Thank you for the clear explanation!

Fairouz says

Thanks for the simplicity and clear info 🙂

Sarah Andalib says

Thanks. It was explained very well.

Ashenafi says

Thank you

Dr. Ramnath Takiar says

It is a well written article. If I understood correctly, we may use many questionnaire to assess some construct like Motivation. For this, I may include questions related to Work environment, Supervisor relationship, pay and other benefits, job satisfaction, training facilities etc., So there are five subcategories under which I have framed the questions. A factor analysis, if done properly should result at least in five factors. So, a factor analysis tries to stratify the questions included in the survey to homogeneous sub groups. Whether my understanding is correct?

Mark says

commendable . best explanation so far

samuel says

so if i understood it well, the FA can be used to analyse a data on “barroriers” to effective communication. That is when i have about 20 factors of the barriers to analyse. Thank you

Arslan Saleem says

God Bless you. it was an interesting, simple and understandable. it was well written and to the point. helped me a lot

Jimoh says

Thanks for your contribution of FA. It’s is helping but need a hypothesis to support it

David Akiiki Kalenzi says

Dr Maike Rahn, Thanks so much for the short explanation of what factor analysis is all about. I fully understand how to apply. I wish one day you read my piece of work.
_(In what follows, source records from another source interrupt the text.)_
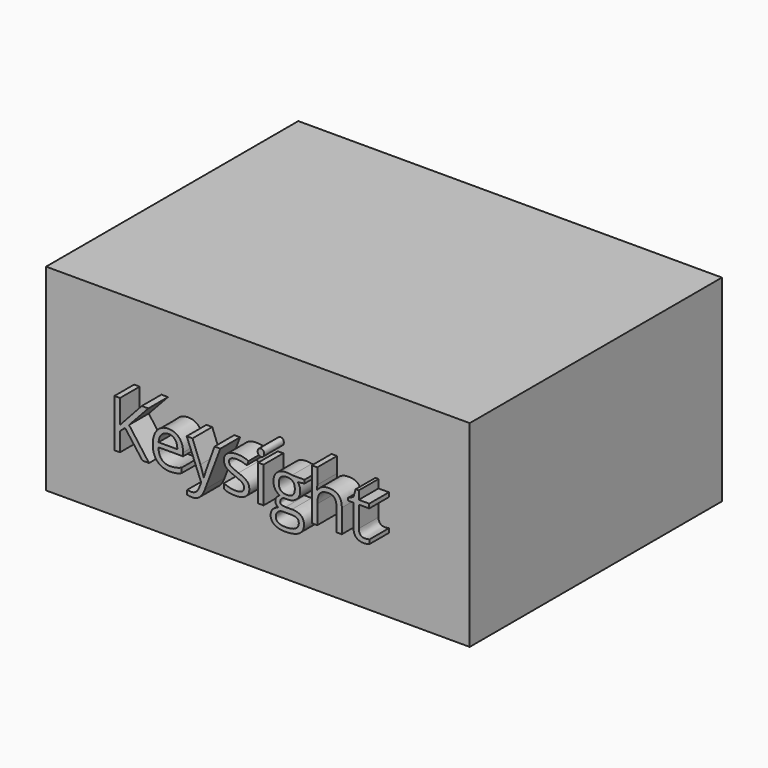
from build123d import *

# Parameters (mm, degrees)
F0_W         = 430
F0_H         = 200
F1_DEPTH     = 320
F2_TEXT_SIZE = 68.0481051354
F3_DEPTH     = 25


# Not quite as in the source:
# - Text() gives the source's letters only with a copy of the font that has no kerning and outlines rounded to 1/6400 em; it was checked with that copy


with BuildPart() as f1:
    # F0 (on Front) → F1 (new body)
    with BuildSketch(Plane.XZ):
        Rectangle(F0_W, F0_H)
    extrude(amount=F1_DEPTH)

    # F2 (on face) → F3 (join)
    with BuildSketch(Plane.XZ.offset(320)):
        with Locations((-132.2831269354, -24.8798984103)):
            Text('Keysight', F2_TEXT_SIZE, font='Open Sans', text_align=(TextAlign.LEFT, TextAlign.BOTTOM))
    extrude(amount=F3_DEPTH)


solid = f1.part

Kindest regards from Queenstown in Eastern Cape-South Africa

Tamanna says

Hey, could you please name 4 psychological tests based on factor analysis, such as 16 PF and NEO, any other tests that you have come across?

Thanks.

James Tan says

I have read several articles trying to explain factor analysis. This one is the easiest to understand because it is clear and concise.

Mike says

Hi,

Is it safe to say that factor analysis is the the analysis done in seeking the relationship of demographic and the variables (dependent, mediator, moderator) in the study? or Or is it the analysis done on every items under a construct? to see the loading among the items that represent the construct.

Do help me as I still cant figure out what factor analysis is. Kindly assist. Many thanks.

Mike

Karen says

Hi Mike,

No, FA isn’t done to seek relationship between different variables in a relationship model.

Factor Analysis is a measurement model for an unmeasured variable (a construct). So it’s closer to your latter definition.

Pablo Ramos says

Thank you very much!

The clearest explanation I ever read.

Regards from Spain.

Morobi Mothulatshipi says

Thank you very much. I fully understand how to apply it.